岡野 考えてみるとベーシストって色々と、反動あるよねー。

小嶋 あるよねー。

岡野 もういーよー俺は(笑)って。

小嶋 何だかんだ言ってツライ時結構あるし。まあ、弾き始めれば、ライブで弾いてれば楽しいけど。

岡野 弾くのもイヤだ(笑)ってのはあるよね。

小嶋 責任が重いって感じはあるよね。

岡野 ベーシスト、責任重い、ってのが、無責任な人はやっちゃダメ(笑)。

 

いや―――――――――。そうかあ!ベースって結構たいへんなんだな。ふむふむ、やっぱりベース弾きながら唄うのってむずかしいんだな。知らなかったねぇ。為になるねぇ。次回は何のバトルにするかな。
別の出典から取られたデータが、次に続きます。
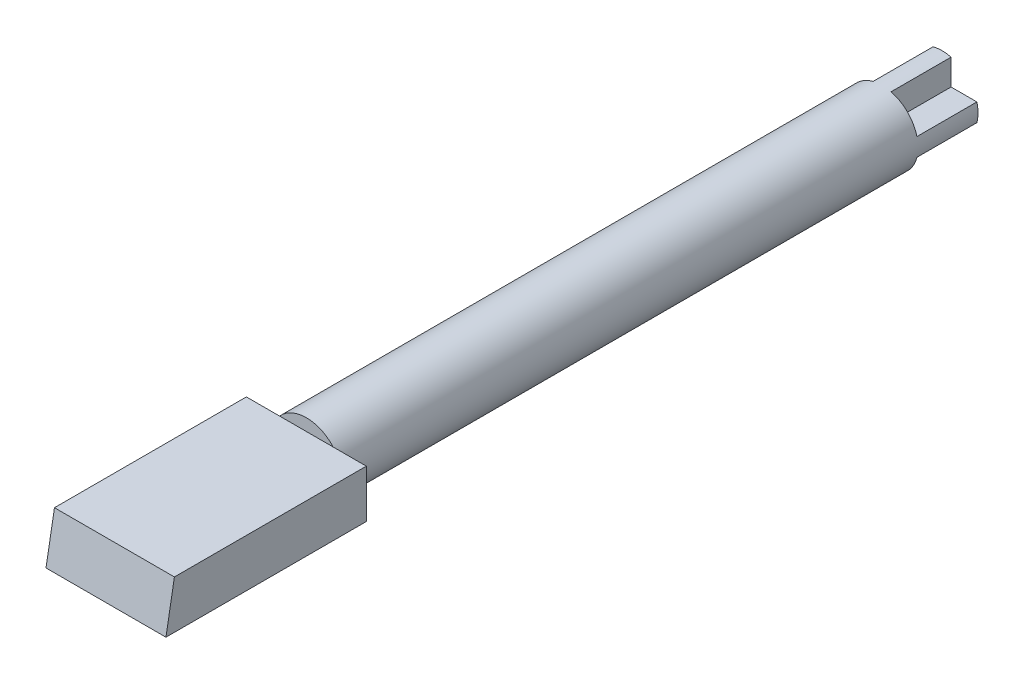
from build123d import *
from build123d.topology import SkipClean

# Parameters (mm, degrees)
SKETCH_1_R      = 3
EXTRUDE_1_DEPTH = 48
EXTRUDE_2_DEPTH = 5
EXTRUDE_START   = 5
SKETCH_3_W      = 2.15473751
SKETCH_3_H      = 1.5
SKETCH_3_W_2    = 1.5
SKETCH_3_H_2    = 2.15473751
EXTRUDE_4_DEPTH = 5


with BuildPart() as part:
    # Sketch 1 → Extrude 1 (new body)
    with BuildSketch(Plane.XY):
        Circle(SKETCH_1_R)
    extrude(amount=EXTRUDE_1_DEPTH)

    # Sketch 2 → Extrude 2 (add, symmetric)
    with BuildSketch(Plane(origin=(0, 0, 0), x_dir=(0, 0, -1), z_dir=(1, 0, 0))):
        Polygon((-48, 2), (-64, 2), (-64.705307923, -2), (-48, -2), align=None)
    extrude(amount=EXTRUDE_2_DEPTH, both=True)

    # Sketch 3 → Extrude 4 (add)
    with SkipClean():  # the faces are left unmerged after this step: merging them gives an invalid solid
        with BuildSketch(Plane(origin=(0, 0, 0), x_dir=(-1, 0, 0), z_dir=(0, 0, -1)).offset(EXTRUDE_START)):
            with Locations((1.827368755, 0)):
                Rectangle(SKETCH_3_W, SKETCH_3_H)
            with BuildLine():
                ThreePointArc((3, 0), (2.976089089, 0.378012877), (2.90473751, 0.75))
                Line((2.90473751, 0.75), (2.90473751, -0.75))
                ThreePointArc((2.90473751, -0.75), (2.976089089, -0.378012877), (3, 0))
            make_face()
            Rectangle(SKETCH_3_W_2, SKETCH_3_H)
            with Locations((0, 1.827368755)):
                Rectangle(SKETCH_3_W_2, SKETCH_3_H_2)
            with Locations((-1.827368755, 0)):
                Rectangle(SKETCH_3_W, SKETCH_3_H)
            with Locations((0, -1.827368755)):
                Rectangle(SKETCH_3_W_2, SKETCH_3_H_2)
            with BuildLine():
                Line((-2.90473751, -0.75), (-2.90473751, 0.75))
                ThreePointArc((-2.90473751, 0.75), (-3, 0), (-2.90473751, -0.75))
            make_face()
            with BuildLine():
                Line((-0.75, 2.90473751), (0.75, 2.90473751))
                ThreePointArc((0.75, 2.90473751), (0, 3), (-0.75, 2.90473751))
            make_face()
            with BuildLine():
                ThreePointArc((-0.75, -2.90473751), (0, -3), (0.75, -2.90473751))
                Line((0.75, -2.90473751), (-0.75, -2.90473751))
            make_face()
        extrude(amount=-EXTRUDE_4_DEPTH)


solid = part.part
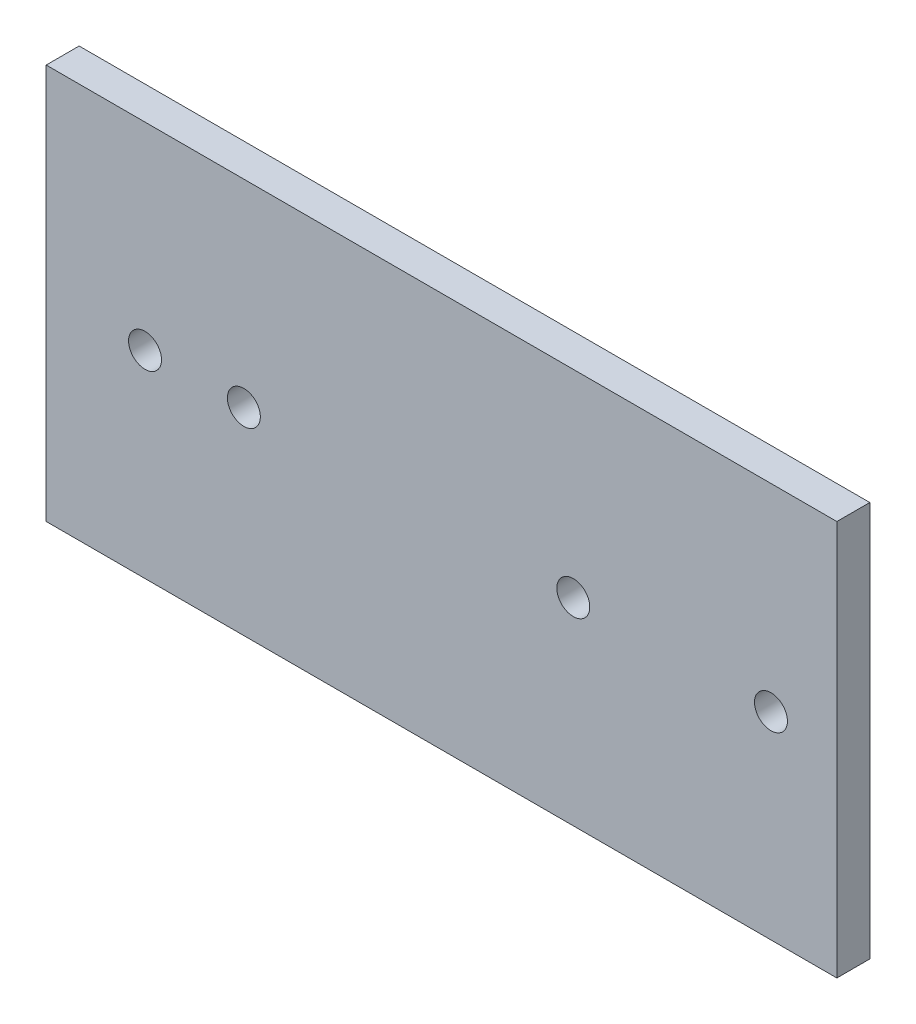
ISO-10303-21;
HEADER;
FILE_DESCRIPTION(('STEP AP214'),'2;1');
FILE_NAME('part.step','',(''),(''),'','','');
FILE_SCHEMA(('AUTOMOTIVE_DESIGN { 1 0 10303 214 1 1 1 1 }'));
ENDSEC;
DATA;
#1=APPLICATION_CONTEXT('core data for automotive mechanical design processes');
#2=APPLICATION_PROTOCOL_DEFINITION('international standard','automotive_design',2000,#1);
#3=PRODUCT_CONTEXT('',#1,'mechanical');
#4=PRODUCT('Part','Part','',(#3));
#5=PRODUCT_RELATED_PRODUCT_CATEGORY('part','',(#4));
#6=PRODUCT_DEFINITION_FORMATION('','',#4);
#7=PRODUCT_DEFINITION_CONTEXT('part definition',#1,'design');
#8=PRODUCT_DEFINITION('design','',#6,#7);
#9=PRODUCT_DEFINITION_SHAPE('','',#8);
#10=(LENGTH_UNIT() NAMED_UNIT(*) SI_UNIT(.MILLI.,.METRE.));
#11=(NAMED_UNIT(*) PLANE_ANGLE_UNIT() SI_UNIT($,.RADIAN.));
#12=(NAMED_UNIT(*) SI_UNIT($,.STERADIAN.) SOLID_ANGLE_UNIT());
#13=UNCERTAINTY_MEASURE_WITH_UNIT(LENGTH_MEASURE(1.E-05),#10,'distance_accuracy_value','');
#14=(GEOMETRIC_REPRESENTATION_CONTEXT(3) GLOBAL_UNCERTAINTY_ASSIGNED_CONTEXT((#13)) GLOBAL_UNIT_ASSIGNED_CONTEXT((#10,
#11,#12)) REPRESENTATION_CONTEXT('',''));
#15=CARTESIAN_POINT('',(0.,0.,0.));
#16=DIRECTION('',(0.,0.,1.));
#17=DIRECTION('',(1.,0.,0.));
#18=AXIS2_PLACEMENT_3D('',#15,#16,#17);
#19=CARTESIAN_POINT('',(-60.,-30.,5.));
#20=DIRECTION('',(-1.,0.,0.));
#21=DIRECTION('',(0.,0.,1.));
#22=AXIS2_PLACEMENT_3D('',#19,#20,#21);
#23=PLANE('',#22);
#24=DIRECTION('',(0.,1.,0.));
#25=VECTOR('',#24,1.);
#26=CARTESIAN_POINT('',(-60.,-30.,0.));
#27=LINE('',#26,#25);
#28=CARTESIAN_POINT('',(-60.,-30.,0.));
#29=VERTEX_POINT('',#28);
#30=CARTESIAN_POINT('',(-60.,30.,0.));
#31=VERTEX_POINT('',#30);
#32=EDGE_CURVE('E100',#29,#31,#27,.T.);
#33=ORIENTED_EDGE('',*,*,#32,.F.);
#34=DIRECTION('',(0.,0.,-1.));
#35=VECTOR('',#34,1.);
#36=CARTESIAN_POINT('',(-60.,-30.,5.));
#37=LINE('',#36,#35);
#38=CARTESIAN_POINT('',(-60.,-30.,5.));
#39=VERTEX_POINT('',#38);
#40=EDGE_CURVE('E11',#39,#29,#37,.T.);
#41=ORIENTED_EDGE('',*,*,#40,.F.);
#42=DIRECTION('',(0.,1.,0.));
#43=VECTOR('',#42,1.);
#44=CARTESIAN_POINT('',(-60.,-30.,5.));
#45=LINE('',#44,#43);
#46=CARTESIAN_POINT('',(-60.,30.,5.));
#47=VERTEX_POINT('',#46);
#48=EDGE_CURVE('E94',#39,#47,#45,.T.);
#49=ORIENTED_EDGE('',*,*,#48,.T.);
#50=DIRECTION('',(0.,0.,-1.));
#51=VECTOR('',#50,1.);
#52=CARTESIAN_POINT('',(-60.,30.,5.));
#53=LINE('',#52,#51);
#54=EDGE_CURVE('E37',#47,#31,#53,.T.);
#55=ORIENTED_EDGE('',*,*,#54,.T.);
#56=EDGE_LOOP('',(#33,#41,#49,#55));
#57=FACE_BOUND('',#56,.T.);
#58=ADVANCED_FACE('F34',(#57),#23,.T.);
#59=CARTESIAN_POINT('',(-60.,-30.,5.));
#60=DIRECTION('',(0.,1.,0.));
#61=DIRECTION('',(0.,0.,1.));
#62=AXIS2_PLACEMENT_3D('',#59,#60,#61);
#63=PLANE('',#62);
#64=DIRECTION('',(1.,0.,0.));
#65=VECTOR('',#64,1.);
#66=CARTESIAN_POINT('',(-60.,-30.,0.));
#67=LINE('',#66,#65);
#68=CARTESIAN_POINT('',(60.,-30.,0.));
#69=VERTEX_POINT('',#68);
#70=EDGE_CURVE('E67',#29,#69,#67,.T.);
#71=ORIENTED_EDGE('',*,*,#70,.T.);
#72=DIRECTION('',(0.,0.,-1.));
#73=VECTOR('',#72,1.);
#74=CARTESIAN_POINT('',(60.,-30.,5.));
#75=LINE('',#74,#73);
#76=CARTESIAN_POINT('',(60.,-30.,5.));
#77=VERTEX_POINT('',#76);
#78=EDGE_CURVE('E43',#77,#69,#75,.T.);
#79=ORIENTED_EDGE('',*,*,#78,.F.);
#80=DIRECTION('',(1.,0.,0.));
#81=VECTOR('',#80,1.);
#82=CARTESIAN_POINT('',(-60.,-30.,5.));
#83=LINE('',#82,#81);
#84=EDGE_CURVE('E84',#39,#77,#83,.T.);
#85=ORIENTED_EDGE('',*,*,#84,.F.);
#86=ORIENTED_EDGE('',*,*,#40,.T.);
#87=EDGE_LOOP('',(#71,#79,#85,#86));
#88=FACE_BOUND('',#87,.T.);
#89=ADVANCED_FACE('F111',(#88),#63,.F.);
#90=CARTESIAN_POINT('',(60.,-30.,5.));
#91=DIRECTION('',(-1.,0.,0.));
#92=DIRECTION('',(0.,0.,1.));
#93=AXIS2_PLACEMENT_3D('',#90,#91,#92);
#94=PLANE('',#93);
#95=DIRECTION('',(0.,1.,0.));
#96=VECTOR('',#95,1.);
#97=CARTESIAN_POINT('',(60.,-30.,0.));
#98=LINE('',#97,#96);
#99=CARTESIAN_POINT('',(60.,30.,0.));
#100=VERTEX_POINT('',#99);
#101=EDGE_CURVE('E91',#69,#100,#98,.T.);
#102=ORIENTED_EDGE('',*,*,#101,.T.);
#103=DIRECTION('',(0.,0.,-1.));
#104=VECTOR('',#103,1.);
#105=CARTESIAN_POINT('',(60.,30.,5.));
#106=LINE('',#105,#104);
#107=CARTESIAN_POINT('',(60.,30.,5.));
#108=VERTEX_POINT('',#107);
#109=EDGE_CURVE('E88',#108,#100,#106,.T.);
#110=ORIENTED_EDGE('',*,*,#109,.F.);
#111=DIRECTION('',(0.,1.,0.));
#112=VECTOR('',#111,1.);
#113=CARTESIAN_POINT('',(60.,-30.,5.));
#114=LINE('',#113,#112);
#115=EDGE_CURVE('E79',#77,#108,#114,.T.);
#116=ORIENTED_EDGE('',*,*,#115,.F.);
#117=ORIENTED_EDGE('',*,*,#78,.T.);
#118=EDGE_LOOP('',(#102,#110,#116,#117));
#119=FACE_BOUND('',#118,.T.);
#120=ADVANCED_FACE('F89',(#119),#94,.F.);
#121=CARTESIAN_POINT('',(-60.,30.,5.));
#122=DIRECTION('',(0.,1.,0.));
#123=DIRECTION('',(0.,0.,1.));
#124=AXIS2_PLACEMENT_3D('',#121,#122,#123);
#125=PLANE('',#124);
#126=DIRECTION('',(1.,0.,0.));
#127=VECTOR('',#126,1.);
#128=CARTESIAN_POINT('',(-60.,30.,0.));
#129=LINE('',#128,#127);
#130=EDGE_CURVE('E103',#31,#100,#129,.T.);
#131=ORIENTED_EDGE('',*,*,#130,.F.);
#132=ORIENTED_EDGE('',*,*,#54,.F.);
#133=DIRECTION('',(1.,0.,0.));
#134=VECTOR('',#133,1.);
#135=CARTESIAN_POINT('',(-60.,30.,5.));
#136=LINE('',#135,#134);
#137=EDGE_CURVE('E83',#47,#108,#136,.T.);
#138=ORIENTED_EDGE('',*,*,#137,.T.);
#139=ORIENTED_EDGE('',*,*,#109,.T.);
#140=EDGE_LOOP('',(#131,#132,#138,#139));
#141=FACE_BOUND('',#140,.T.);
#142=ADVANCED_FACE('F93',(#141),#125,.T.);
#143=CARTESIAN_POINT('',(0.,0.,5.));
#144=DIRECTION('',(0.,0.,-1.));
#145=DIRECTION('',(-1.,0.,0.));
#146=AXIS2_PLACEMENT_3D('',#143,#144,#145);
#147=PLANE('',#146);
#148=CARTESIAN_POINT('',(50.,0.,5.));
#149=DIRECTION('',(0.,0.,-1.));
#150=DIRECTION('',(-1.,0.,0.));
#151=AXIS2_PLACEMENT_3D('',#148,#149,#150);
#152=CIRCLE('',#151,2.49999999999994);
#153=CARTESIAN_POINT('',(47.5000000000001,0.,5.));
#154=VERTEX_POINT('',#153);
#155=EDGE_CURVE('E153',#154,#154,#152,.T.);
#156=ORIENTED_EDGE('',*,*,#155,.T.);
#157=EDGE_LOOP('',(#156));
#158=FACE_BOUND('',#157,.T.);
#159=CARTESIAN_POINT('',(20.,0.,5.));
#160=DIRECTION('',(0.,0.,-1.));
#161=DIRECTION('',(-1.,0.,0.));
#162=AXIS2_PLACEMENT_3D('',#159,#160,#161);
#163=CIRCLE('',#162,2.49999999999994);
#164=CARTESIAN_POINT('',(17.5000000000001,0.,5.));
#165=VERTEX_POINT('',#164);
#166=EDGE_CURVE('E163',#165,#165,#163,.T.);
#167=ORIENTED_EDGE('',*,*,#166,.T.);
#168=EDGE_LOOP('',(#167));
#169=FACE_BOUND('',#168,.T.);
#170=CARTESIAN_POINT('',(-30.,0.,5.));
#171=DIRECTION('',(0.,0.,-1.));
#172=DIRECTION('',(-1.,0.,0.));
#173=AXIS2_PLACEMENT_3D('',#170,#171,#172);
#174=CIRCLE('',#173,2.49999999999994);
#175=CARTESIAN_POINT('',(-32.4999999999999,0.,5.));
#176=VERTEX_POINT('',#175);
#177=EDGE_CURVE('E169',#176,#176,#174,.T.);
#178=ORIENTED_EDGE('',*,*,#177,.T.);
#179=EDGE_LOOP('',(#178));
#180=FACE_BOUND('',#179,.T.);
#181=CARTESIAN_POINT('',(-45.,0.,5.));
#182=DIRECTION('',(0.,0.,-1.));
#183=DIRECTION('',(-1.,0.,0.));
#184=AXIS2_PLACEMENT_3D('',#181,#182,#183);
#185=CIRCLE('',#184,2.49999999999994);
#186=CARTESIAN_POINT('',(-47.4999999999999,0.,5.));
#187=VERTEX_POINT('',#186);
#188=EDGE_CURVE('E104',#187,#187,#185,.T.);
#189=ORIENTED_EDGE('',*,*,#188,.T.);
#190=EDGE_LOOP('',(#189));
#191=FACE_BOUND('',#190,.T.);
#192=ORIENTED_EDGE('',*,*,#48,.F.);
#193=ORIENTED_EDGE('',*,*,#84,.T.);
#194=ORIENTED_EDGE('',*,*,#115,.T.);
#195=ORIENTED_EDGE('',*,*,#137,.F.);
#196=EDGE_LOOP('',(#192,#193,#194,#195));
#197=FACE_BOUND('',#196,.T.);
#198=ADVANCED_FACE('F82',(#158,#169,#180,#191,#197),#147,.F.);
#199=CARTESIAN_POINT('',(0.,0.,0.));
#200=DIRECTION('',(0.,0.,-1.));
#201=DIRECTION('',(-1.,0.,0.));
#202=AXIS2_PLACEMENT_3D('',#199,#200,#201);
#203=PLANE('',#202);
#204=CARTESIAN_POINT('',(50.,0.,0.));
#205=DIRECTION('',(0.,0.,-1.));
#206=DIRECTION('',(-1.,0.,0.));
#207=AXIS2_PLACEMENT_3D('',#204,#205,#206);
#208=CIRCLE('',#207,2.49999999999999);
#209=CARTESIAN_POINT('',(47.5,0.,0.));
#210=VERTEX_POINT('',#209);
#211=EDGE_CURVE('E156',#210,#210,#208,.T.);
#212=ORIENTED_EDGE('',*,*,#211,.F.);
#213=EDGE_LOOP('',(#212));
#214=FACE_BOUND('',#213,.T.);
#215=CARTESIAN_POINT('',(20.,0.,0.));
#216=DIRECTION('',(0.,0.,-1.));
#217=DIRECTION('',(-1.,0.,0.));
#218=AXIS2_PLACEMENT_3D('',#215,#216,#217);
#219=CIRCLE('',#218,2.49999999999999);
#220=CARTESIAN_POINT('',(17.5,0.,0.));
#221=VERTEX_POINT('',#220);
#222=EDGE_CURVE('E158',#221,#221,#219,.T.);
#223=ORIENTED_EDGE('',*,*,#222,.F.);
#224=EDGE_LOOP('',(#223));
#225=FACE_BOUND('',#224,.T.);
#226=CARTESIAN_POINT('',(-30.,0.,0.));
#227=DIRECTION('',(0.,0.,-1.));
#228=DIRECTION('',(-1.,0.,0.));
#229=AXIS2_PLACEMENT_3D('',#226,#227,#228);
#230=CIRCLE('',#229,2.49999999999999);
#231=CARTESIAN_POINT('',(-32.5,0.,0.));
#232=VERTEX_POINT('',#231);
#233=EDGE_CURVE('E166',#232,#232,#230,.T.);
#234=ORIENTED_EDGE('',*,*,#233,.F.);
#235=EDGE_LOOP('',(#234));
#236=FACE_BOUND('',#235,.T.);
#237=CARTESIAN_POINT('',(-45.,0.,0.));
#238=DIRECTION('',(0.,0.,-1.));
#239=DIRECTION('',(-1.,0.,0.));
#240=AXIS2_PLACEMENT_3D('',#237,#238,#239);
#241=CIRCLE('',#240,2.49999999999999);
#242=CARTESIAN_POINT('',(-47.5,0.,0.));
#243=VERTEX_POINT('',#242);
#244=EDGE_CURVE('E172',#243,#243,#241,.T.);
#245=ORIENTED_EDGE('',*,*,#244,.F.);
#246=EDGE_LOOP('',(#245));
#247=FACE_BOUND('',#246,.T.);
#248=ORIENTED_EDGE('',*,*,#32,.T.);
#249=ORIENTED_EDGE('',*,*,#130,.T.);
#250=ORIENTED_EDGE('',*,*,#101,.F.);
#251=ORIENTED_EDGE('',*,*,#70,.F.);
#252=EDGE_LOOP('',(#248,#249,#250,#251));
#253=FACE_BOUND('',#252,.T.);
#254=ADVANCED_FACE('F109',(#214,#225,#236,#247,#253),#203,.T.);
#255=CARTESIAN_POINT('',(-45.,0.,0.));
#256=DIRECTION('',(0.,0.,-1.));
#257=DIRECTION('',(-1.,0.,0.));
#258=AXIS2_PLACEMENT_3D('',#255,#256,#257);
#259=CYLINDRICAL_SURFACE('',#258,2.49999999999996);
#260=ORIENTED_EDGE('',*,*,#188,.F.);
#261=EDGE_LOOP('',(#260));
#262=FACE_BOUND('',#261,.T.);
#263=ORIENTED_EDGE('',*,*,#244,.T.);
#264=EDGE_LOOP('',(#263));
#265=FACE_BOUND('',#264,.T.);
#266=ADVANCED_FACE('F130',(#262,#265),#259,.F.);
#267=CARTESIAN_POINT('',(-30.,0.,0.));
#268=DIRECTION('',(0.,0.,-1.));
#269=DIRECTION('',(-1.,0.,0.));
#270=AXIS2_PLACEMENT_3D('',#267,#268,#269);
#271=CYLINDRICAL_SURFACE('',#270,2.49999999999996);
#272=ORIENTED_EDGE('',*,*,#177,.F.);
#273=EDGE_LOOP('',(#272));
#274=FACE_BOUND('',#273,.T.);
#275=ORIENTED_EDGE('',*,*,#233,.T.);
#276=EDGE_LOOP('',(#275));
#277=FACE_BOUND('',#276,.T.);
#278=ADVANCED_FACE('F137',(#274,#277),#271,.F.);
#279=CARTESIAN_POINT('',(20.,0.,0.));
#280=DIRECTION('',(0.,0.,-1.));
#281=DIRECTION('',(-1.,0.,0.));
#282=AXIS2_PLACEMENT_3D('',#279,#280,#281);
#283=CYLINDRICAL_SURFACE('',#282,2.49999999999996);
#284=ORIENTED_EDGE('',*,*,#166,.F.);
#285=EDGE_LOOP('',(#284));
#286=FACE_BOUND('',#285,.T.);
#287=ORIENTED_EDGE('',*,*,#222,.T.);
#288=EDGE_LOOP('',(#287));
#289=FACE_BOUND('',#288,.T.);
#290=ADVANCED_FACE('F141',(#286,#289),#283,.F.);
#291=CARTESIAN_POINT('',(50.,0.,0.));
#292=DIRECTION('',(0.,0.,-1.));
#293=DIRECTION('',(-1.,0.,0.));
#294=AXIS2_PLACEMENT_3D('',#291,#292,#293);
#295=CYLINDRICAL_SURFACE('',#294,2.49999999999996);
#296=ORIENTED_EDGE('',*,*,#155,.F.);
#297=EDGE_LOOP('',(#296));
#298=FACE_BOUND('',#297,.T.);
#299=ORIENTED_EDGE('',*,*,#211,.T.);
#300=EDGE_LOOP('',(#299));
#301=FACE_BOUND('',#300,.T.);
#302=ADVANCED_FACE('F145',(#298,#301),#295,.F.);
#303=CLOSED_SHELL('',(#58,#89,#120,#142,#198,#254,#266,#278,#290,#302));
#304=MANIFOLD_SOLID_BREP('B2',#303);
#305=ADVANCED_BREP_SHAPE_REPRESENTATION('',(#18,#304),#14);
#306=SHAPE_DEFINITION_REPRESENTATION(#9,#305);
ENDSEC;
END-ISO-10303-21;

誰と誰に二次元バトルしてほしいかリクエストしてくり。あ、わかってると思うけど、同じ楽器の人じゃなきゃだめだぞっ!

小嶋さちほ PROFILE
’58年12月26日生、女性ロックバンドの草分けともいえるZELDAのリーダーであり、ベーシスト。
自主制作盤「アシュラ」を皮切りに、日本フォノグラムより2枚のアルバムをリリース。’85年CBSソニーに移籍、名盤の誉れ高い「空色帽子の日」を発表。以降も順調な活動を続け、バンド以外にもロック評論、エッセイ等を数多く手掛けている。
10月21日発売予定の6枚目のアルバム制作に忙しい日々を送っている。
岡野ハジメ PROFILE
’56年11月26日生、スペースサーカス、東京ブラボーを経て1983年PINK結成に参画。強者集団PINKのベーシストとしてはもちろん、最近はプロデューサーとしても活躍。ちわきまゆみ、デル・ジベット、DEAD END等のアルバムプロデュースを手掛け、10月末にサロン・ミュージックの吉田仁とのユニットのアルバム「クアドロフォニクス」をリリースする。
PINK最後のライブとなる11月5日の渋谷公会堂を間近に控えた31才。